Holding tightly to Ollie’s arm and leaving Brax at the backdoor, we walk through a maze of dark hallways toward the low humming sound of people talking. Each step requires immense concentration as a nuclear war rages inside me—fulfill my duty and save the world or do nothing and save myself. I’m in charge of my destiny. I get to make the choice but time is running out.

We reach a large square room lit by rows and rows of candles in tall brass holders, giving the space a flickering ghostly feeling. Several hundred celebrities and rich Londoners wander about the room looking at the monk’s odd, splotchy black-and-white paintings set on wooden easels in a spiral pattern in the center of the room. It feels as if I’m in a psychiatric hospital surrounded by flicking Rorschach tests.

A waiter hands me a tall glass of red wine and Ollie and I make our rounds kissing cheeks and trading compliments. Everyone wants to touch us, but instead of feeling the normal thrill of being seen and desired, I feel dizzy and weak. If only they knew the truth about me. If they knew what my inaction would do to their country, they’d be spitting in my face and tearing out my hair. Am I really willing to destroy everything to be fakely admired and loved?

Dressed in a rich brown fur shawl, a large pudgy woman with bright red cheeks grabs my arm and smiles. She smells of fig pudding and I imagine she’s a duchess of something. The rim of her wineglass is covered in pale pink lipstick.

“The Queen’s funeral is likely to be the social event of the decade. It will be a who’s who of the entire world and I’ve already made a call to several designers to get on the list for a dress. You have to work quickly in these situations or you will be left looking like a fool. Do you have a designer in mind dear?”

Her grip on my arm is too tight. Ollie senses my discomfort and answers for me. With a wink he defuses the situation, leaving the woman laughing. Her touch lingers on my skin, burning slightly as Ollie guides me to the next painting. As we stand side-by-side I know I have to get out of here.

“Are you really okay?”

Ollie’s voice drips with pity and concern. I hate this. I wish there was a way to fulfill my destiny and keep him, but that’s not how it works. Once I complete my task, everyone I’ve ever met will forget about me and I’ll return to my childhood home outside of London. That includes Ollie. It’s how it’s always been and always will be. It’s the bargain made and the price I have to pay for the years I’ve spent in the spotlight.

Mum tried to prepare me.
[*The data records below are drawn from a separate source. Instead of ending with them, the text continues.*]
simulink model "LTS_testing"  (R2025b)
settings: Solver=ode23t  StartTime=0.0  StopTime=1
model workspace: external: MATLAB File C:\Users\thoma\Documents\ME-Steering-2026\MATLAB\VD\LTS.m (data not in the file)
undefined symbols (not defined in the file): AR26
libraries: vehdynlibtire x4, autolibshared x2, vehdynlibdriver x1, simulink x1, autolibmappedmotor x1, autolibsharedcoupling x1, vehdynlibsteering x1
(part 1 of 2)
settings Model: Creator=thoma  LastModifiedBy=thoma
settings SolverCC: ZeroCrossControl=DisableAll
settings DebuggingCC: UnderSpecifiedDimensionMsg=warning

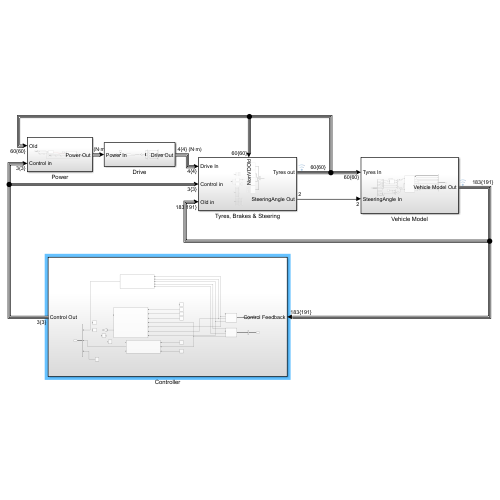
[thumbnail: Simulink's stored preview of the top-level diagram]
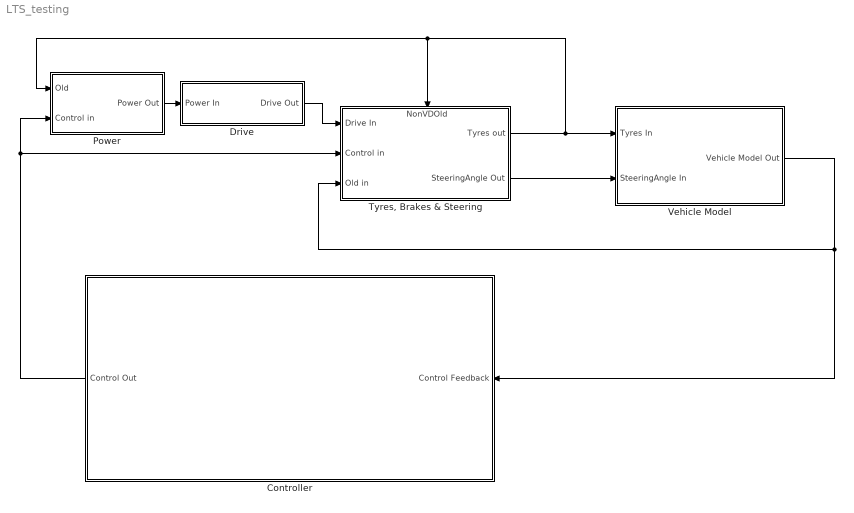
== system LTS_testing ==
  Controller : Subsystem
  Drive : Subsystem
  Power : Subsystem
  "Tyres, Brakes & Steering" : Subsystem
      settings: PortSchema="{\"entries\":[{\"content\":{\"sides\":[{\"content\":{\"connectorIds\":[\"In1\",\"In2\",\"In3\"]},\"type\":\"ConnectorPlacement.EquallySpacedRectSide\",\"uuid\":\"2d0cea8b-83c5-43d0-a9da-df7959890b84\"},{\"content\":{\"connectorIds\":[\"Out1\",\"Out2\"],\"side\":\"RIGHT\"},\"type\":\"ConnectorPlacement.EquallySpacedRectSide\",\"uuid\":\"18a5ce0c-4f74-4e1c-9a31-f96c275e466d\"},{\"content\":{\"connectorIds\":[\"In4\"],\"side\":\"TOP\"},\"type\":\"ConnectorPlacement.EquallySpacedRectSide\",\"uuid\":\"ac68a692-bd3e-4c2d-9cd0-6d8aee15298d\"}]},\"type\":\"ConnectorPlacement.EquallySpacedConnector\",\"uuid\":\"5a266ba3-3c83-4752-af97-895e1d69d679\"}],\"packageUris\":[\"http://schema.mathworks.com/mf0/Connector/R2020b\"],\"version\":\"1.0\"}"
  Vehicle Model : Subsystem
  wires:
  Controller/1(Control Out) -> Power/2(Control in), "Tyres, Brakes & Steering"/2(Control in)
  Drive/1(Drive Out) -> "Tyres, Brakes & Steering"/1(Drive In)
  Power/1(Power Out) -> Drive/1(Power In)
  "Tyres, Brakes & Steering"/1(Tyres out) -> Power/1(Old), "Tyres, Brakes & Steering"/4(NonVDOld), Vehicle Model/1(Tyres In)
  Vehicle Model/1(Vehicle Model Out) -> Controller/1(Control Feedback), "Tyres, Brakes & Steering"/3(Old in)
  "Tyres, Brakes & Steering"/2(SteeringAngle Out) -> Vehicle Model/2(SteeringAngle In)

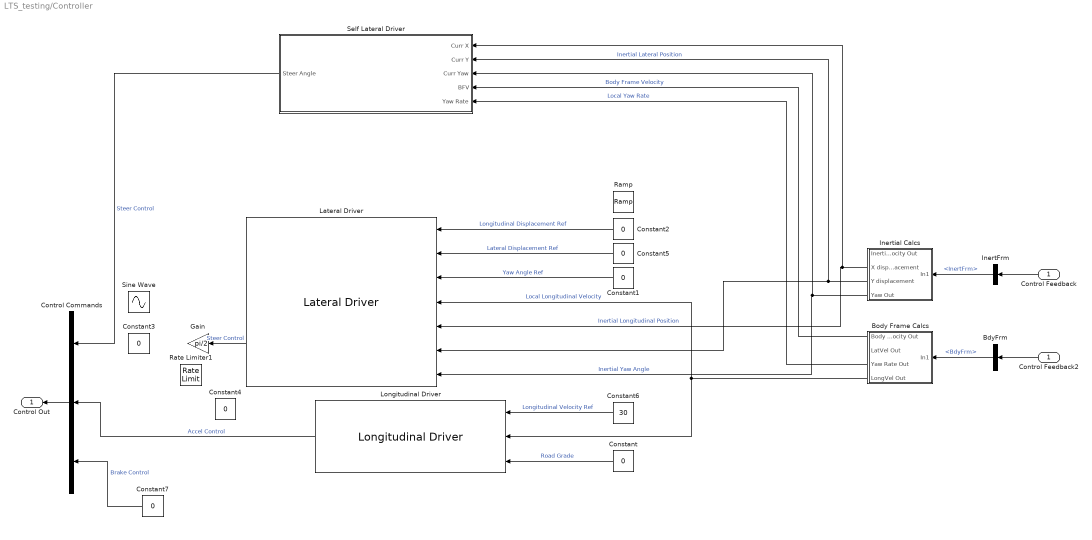
== system LTS_testing/Controller ==
  Control Feedback : Inport
  BdyFrm : BusSelector  OutputSignals=Info.BdyFrm
  Body Frame Calcs : Subsystem
  Constant{,1..5,7} (7 alike) : Constant  Value=0
  Constant6 : Constant  Value=30
  Control Commands : BusCreator  Inputs=3
  Control Feedback2 : InportShadow
  Gain : Gain  Gain=pi/2
  InertFrm : BusSelector  OutputSignals=Info.InertFrm
  Inertial Calcs : Subsystem
  Lateral Driver : vehdynlibdriver/Lateral Driver  extSteerOvr=off  extSteerHld=off  extSteerZero=off  steerOut=off  cntrlTypeLat=Stanley  coordMode=SAE J670 (Z-down)  angUnits=rad  tau=0.1  L=3  vecPose=off  dynamMode=off  PositionGainF=2.5  PositionGainR=2.5  YawRateGain=.2  DelayGain=.2  a=AR26.aLength  b=AR26.bLength  m=AR26.Mass  Cy_f=35000  Cy_r=40000  I=120  Ksteer=18  theta=30*pi/180  aMode=2
  Longitudinal Driver : autolibshared/Longitudinal Driver  extAccelOvr=off  extDecelOvr=off  extAccelHld=off  extDecelHld=off  extAccelZero=off  extDecelZero=off  cntrlType=PI  shftType=None  velUnits=m/s  gearOut=off  Kp=0.7  Ki=0.05  Kff=.1  Kg=0  VehVelVec=[0 100]  KffVec=[.1 .1]  KpVec=[10 10]  KiVec=[5 5]  KgVec=[0 0]  m=1500  Kpt=3000  tau=.1  L=2  aR=200  bR=2.5  cR=.5  g=9.81  vnom=5  Kaw=1  tauerr=.01  tauPt=2  GearInit=0  tShift=.1  pdlVec=[0.1 0.4 0.5 0.9]  upShftTbl=[-1 12.9375 26.4375 39.9375 51.18749999999999 62.4375 72.84375 83.25;-1 16.3125 29.8125 43.3125 54.5624 65.8125 76.78125 87.75;-1 19.6875 33.1875 46.68749999999999 57.9375 69.1875 80.71875 92.25;-1 33 52.5 77.25 100.5 138.75 161.875 185]  dwnShftTbl=[1 9.5625 23.0625 36.5625 47.8125 59.0625 68.90625 78.75;1 12.9375 26.4375 39.9375 51.18749999999999 62.4375 72.84375 83.25;1 16.3125 29.8125 43.3125 54.562499 65.8125 76.78125 87.75;1 19.6875 33.1875 46.68749999999999 57.9375 69.1875 80.71875 92.25]  tClutch=.5  tRev=.5  tPark=120  aMode=2  UpGearVec="[0  1  2  3  4  5  6  7]"  DownGearVec="[1  2  3  4  5  6  7  8]"
      settings: LibrarySourceBlock=vehdynlibdriver/Longitudinal Driver
  Ramp : simulink/Sources/Ramp  slope=35  start=15  InitialOutput=0
  Rate Limiter1 : RateLimiter  RisingSlewLimit=0.5  SampleTimeMode=inherited
  Self Lateral Driver : Subsystem
  Sine Wave : Sin  Amplitude=1.6  Frequency=0.5  SampleTime=0
  Control Out : Outport
  wires:
  Control Commands/1 -> Control Out/1
  Control Feedback/1 -> InertFrm/1
  Control Feedback2/1 -> BdyFrm/1
  Constant/1 -> Longitudinal Driver/3  "Road Grade"
  Constant6/1 -> Longitudinal Driver/1  "Longitudinal Velocity Ref"
  Longitudinal Driver/2 -> Control Commands/2  "Accel Control"
  Constant7/1 -> Control Commands/3  "Brake Control"
  BdyFrm/1 -> Body Frame Calcs/1(In1)  "<BdyFrm>"
  Constant5/1 -> Lateral Driver/2  "Lateral Displacement Ref"
  InertFrm/1 -> Inertial Calcs/1(In1)  "<InertFrm>"
  Inertial Calcs/3(Y displacement) -> Self Lateral Driver/2(Curr Y), Lateral Driver/6  "Inertial Lateral Position"
  Inertial Calcs/4(Yaw Out) -> Self Lateral Driver/3(Curr Yaw), Lateral Driver/7  "Inertial Yaw Angle"
  Body Frame Calcs/4(LongVel Out) -> Longitudinal Driver/2, Lateral Driver/4  "Local Longitudinal Velocity"
  Constant1/1 -> Lateral Driver/3  "Yaw Angle Ref"
  Constant2/1 -> Lateral Driver/1  "Longitudinal Displacement Ref"
  Inertial Calcs/2(X displacement) -> Self Lateral Driver/1(Curr X), Lateral Driver/5  "Inertial Longitudinal Position"
  Lateral Driver/2 -> Gain/1  "Steer Control"
  Body Frame Calcs/1(Body Frame Velocity Out) -> Self Lateral Driver/4(BFV)  "Body Frame Velocity"
  Self Lateral Driver/1(Steer Angle) -> Control Commands/1  "Steer Control"
  Body Frame Calcs/3(Yaw Rate Out) -> Self Lateral Driver/5(Yaw Rate)  "Local Yaw Rate"

== system LTS_testing/Drive ==
  Power In : Inport
  Bus Creator : BusCreator  Inputs=4
  Bus Selector : BusSelector  OutputSignals=Motor Torque (Nm)
  Display : Display
  Gain : Gain
  Gear Ratio : Gain  Gain=AR26.GearRatio
  Multiply{1..4} (4 alike) : Gain
  Drive Out : Outport
  wires:
  Power In/1 -> Bus Selector/1
  Bus Selector/1 -> Gear Ratio/1, Display/1  "<Motor Torque (Nm)>"
  Gear Ratio/1 -> Gain/1
  Multiply4/1 -> Bus Creator/1  "FLDriveTrq"
  Multiply3/1 -> Bus Creator/4  "RRDriveTrq"
  Multiply1/1 -> Bus Creator/2  "FRDriveTrq"
  Multiply2/1 -> Bus Creator/3  "RLDriveTrq"
  Bus Creator/1 -> Drive Out/1
  Gain/1 -> Multiply4/1, Multiply1/1, Multiply3/1, Multiply2/1

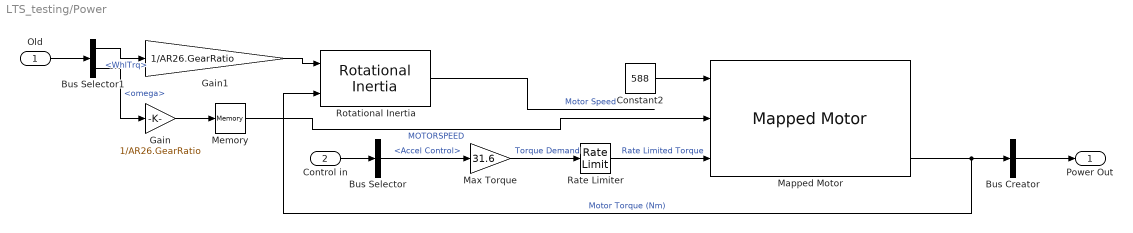
== system LTS_testing/Power ==
  Old : Inport
  Control in : Inport  Port=2
  Bus Creator : BusCreator  Inputs=1
  Bus Selector : BusSelector  OutputSignals=Accel Control
  Bus Selector1 : BusSelector  OutputSignals=FL_Dyn.WhlTrq,FL_Dyn.omega
  Constant2 : Constant  Value=588
  Gain : Gain  Gain=1/AR26.GearRatio
  Gain1 : Gain  Gain=1/AR26.GearRatio
  Mapped Motor : autolibmappedmotor/Mapped Motor  w_Tmax_bp_ext=w_Tmax_bp  Tmax_w_V_ext=Tmax_w_V  w_Tmin_bp_ext=w_Tmin_bp  Tmin_w_V_ext=Tmin_w_V  port_config=Speed  param_by=Maximum torque and power  w_t=[ 0 375 750 800 ]  T_t=[0.09 0.08 0.07 0]  torque_max=31.6  power_max=20000  SpreadsheetTqLimitsFileName=MotorCalibrationImportData.xlsx  Tmax_w_V=[0.09 0.09 0.09;0.08 0.08 0.08;0.07 0.07 0.07;0 0 0]  w_Tmax_bp=[ 0 375 750 800 ]  V_Tmax_bp=[500 750 900]  Tmin_w_V=[-0.09 -0.09 -0.09;-0.08 -0.08 -0.08;-0.07 -0.07 -0.07;0 0 0]  w_Tmin_bp=[ 0 375 750 800 ]  V_Tmin_bp=[500 750 900]  Tc=0.02  param_loss=Single efficiency measurement  SpreadsheetLossFileName=MotorCalibrationImportData.xlsx  SpreadsheetEffFileName=MotorCalibrationImportData.xlsx  eff=95  w_eff=375  T_eff=0.08  Piron=0  Pbase=0  w_eff_bp=[-8000 -4000 0 4000 8000]  T_eff_bp=[0 0.03 0.06 0.09]  Temp_eff_bp=[233.15 293.15 373.15]  V_eff_bp=[500 700 900]  losses_table=[1.49 1.67 2.21 3.10; 0.42 0.69 1.14 2.03; 0.06 0.24 0.78 1.68; 0.42 0.69 1.14 2.03; 1.49 1.67 2.21 3.10]  losses_table_3d=cat(3,1.05*[1.49 1.67 2.21 3.10; 0.42 0.69 1.14 2.03; 0.06 0.24 0.78 1.68; 0.42 0.69 1.14 2.03; 1.49 1.67 2.21 3.10],[1.49 1.67 2.21 3.10; 0.42 0.69 1.14 2.03; 0.06 0.24 0.78 1.68; 0.42 0.69 1.14 2.03; 1.49 1.67 2.21 3.10],1.03*[1.49 1.67 2.21 3.10; 0.42 0.69 1.14 2.03; 0.06 0.24 0.78 1.68; 0.42 0.69 1.14 2.03; 1.49 1.67 2.21 3.10])  losses_table_4d=cat(4,cat(3,[1.5645 0.441 0.063 0.441 1.5645;1.7535 0.7245 0.252 0.7245 1.7535;2.3205 1.197 0.819 1.197 2.3205;3.255 2.1315 1.764 2.1315 3.255],[1.5645 0.441 0.063 0.441 1.5645;1.7535 0.7245 0.252 0.7245 1.7535;2.3205 1.197 0.819 1.197 2.3205;3.255 2.1315 1.764 2.1315 3.255],[1.5645 0.441 0.063 0.441 1.5645;1.7535 0.7245 0.252 0.7245 1.7535;2.3205 1.197 0.819 1.197 2.3205;3.255 2.1315 1.764 2.1315 3.255]),cat(3,[1.49 0.42 0.06 0.42 1.49;1.67 0.69 0.24 0.69 1.67;2.21 1.14 0.78 1.14 2.21;3.1 2.03 1.68 2.03 3.1],[1.49 0.42 0.06 0.42 1.49;1.67 0.69 0.24 0.69 1.67;2.21 1.14 0.78 1.14 2.21;3.1 2.03 1.68 2.03 3.1],[1.49 0.42 0.06 0.42 1.49;1.67 0.69 0.24 0.69 1.67;2.21 1.14 0.78 1.14 2.21;3.1 2.03 1.68 2.03 3.1]),cat(3,[1.5347 0.4326 0.0618 0.4326 1.5347;1.7201 0.7107 0.2472 0.7107 1.7201;2.2763 1.1742 0.8034 1.1742 2.2763;3.193 2.0909 1.7304 2.0909 3.193],[1.5347 0.4326 0.0618 0.4326 1.5347;1.7201 0.7107 0.2472 0.7107 1.7201;2.2763 1.1742 0.8034 1.1742 2.2763;3.193 2.0909 1.7304 2.0909 3.193],[1.5347 0.4326 0.0618 0.4326 1.5347;1.7201 0.7107 0.2472 0.7107 1.7201;2.2763 1.1742 0.8034 1.1742 2.2763;3.193 2.0909 1.7304 2.0909 3.193]))  efficiency_table=[95 95 95 95; 95 95 95 95; 95 95 95 95; 95 95 95 95; 95 95 95 95]  efficiency_table_3d=cat(3,90*ones(5,4),95*ones(5,4),92*ones(5,4))  efficiency_table_4d=cat(4,cat(3,90*ones(5,4)',90*ones(5,4)',90*ones(5,4)'),cat(3,95*ones(5,4)',95*ones(5,4)',95*ones(5,4)'),cat(3,92*ones(5,4)',92*ones(5,4)',92*ones(5,4)'))  J=5e-6  b=1e-5  omega_o=0  T_t_extended=[0 0.07 0.08 0.09 0.08 0.07 0]  w_t_extended=[-800 -750 -375 0 375 750 800]  KLossIron=0  KLossCopper=0  x_w_eff_vec=[-8000 -4000 0 4000 8000]  x_T_eff_vec=[-0.09 -0.06 -0.03 0 0.03 0.06 0.09]  x_tmp_eff_vec=[233.15 293.15 373.15]  x_V_eff_vec=[500 700 900]  x_losses_mat=[3.1 2.21 1.67 1.49 1.67 2.21 3.1;2.03 1.14 0.69 0.42 0.69 1.14 2.03;1.68 0.78 0.24 0.06 0.24 0.78 1.68;2.03 1.14 0.69 0.42 0.69 1.14 2.03;3.1 2.21 1.67 1.49 1.67 2.21 3.1]  x_losses_mat_3d=cat(3,[3.255 2.3205 1.7535 1.5645 1.7535 2.3205 3.255;2.1315 1.197 0.7245 0.441 0.7245 1.197 2.1315;1.764 0.819 0.252 0.063 0.252 0.819 1.764;2.1315 1.197 0.7245 0.441 0.7245 1.197 2.1315;3.255 2.3205 1.7535 1.5645 1.7535 2.3205 3.255],[3.1 2.21 1.67 1.49 1.67 2.21 3.1;2.03 1.14 0.69 0.42 0.69 1.14 2.03;1.68 0.78 0.24 0.06 0.24 0.78 1.68;2.03 1.14 0.69 0.42 0.69 1.14 2.03;3.1 2.21 1.67 1.49 1.67 2.21 3.1],[3.193 2.2763 1.7201 1.5347 1.7201 2.2763 3.193;2.0909 1.1742 0.7107 0.4326 0.7107 1.1742 2.0909;1.7304 0.8034 0.2472 0.0618 0.2472 0.8034 1.7304;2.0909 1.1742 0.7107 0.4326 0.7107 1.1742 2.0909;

She told me not to get close to anyone and to have fun. I should have listened. It’s too late.

“What time is it?”

For a moment we stand staring into each other’s eyes and I feel the room and all the people fading from my view. Standing on my tiptoes I kiss him with every ounce of passion in my body, hoping my lips and tongue can convey what my words can’t. Stepping back I pull up his sleeve and look at the golden watch on his wrist. 10:30 p.m.

“Do you know what time the Queen died?”

Ollie looks around the room and realizes I’m talking to him, he slowly shakes his head. Spinning from him I walk to a cluster of people standing around one of the paintings talking softly about the proper ingredients for Yorkshire pudding. I’m doing them a favor by interrupting such a boring conversation.

“Excuse me, but do any of you know the Queen’s time of death?”

Several people look at me and shake their heads, but a handsome middle-aged man I recognize from the game show “Mastermind” steps forward and touches my arm. He’s a former journalist with a warm smile and rich brown eyes. There’s a bit of sadness mixed with longing in his voice.

“It was announced at 6:30 p.m. that Her Majesty the Queen died peacefully at Balmoral, but I suspect she died much earlier than that. Perhaps sometime around noon and they were giving the family time to arrive.”

“That gives me roughly 1 1/2 hours. Shit.”

“1 1/2 hours to do what, my dear? Are you okay?”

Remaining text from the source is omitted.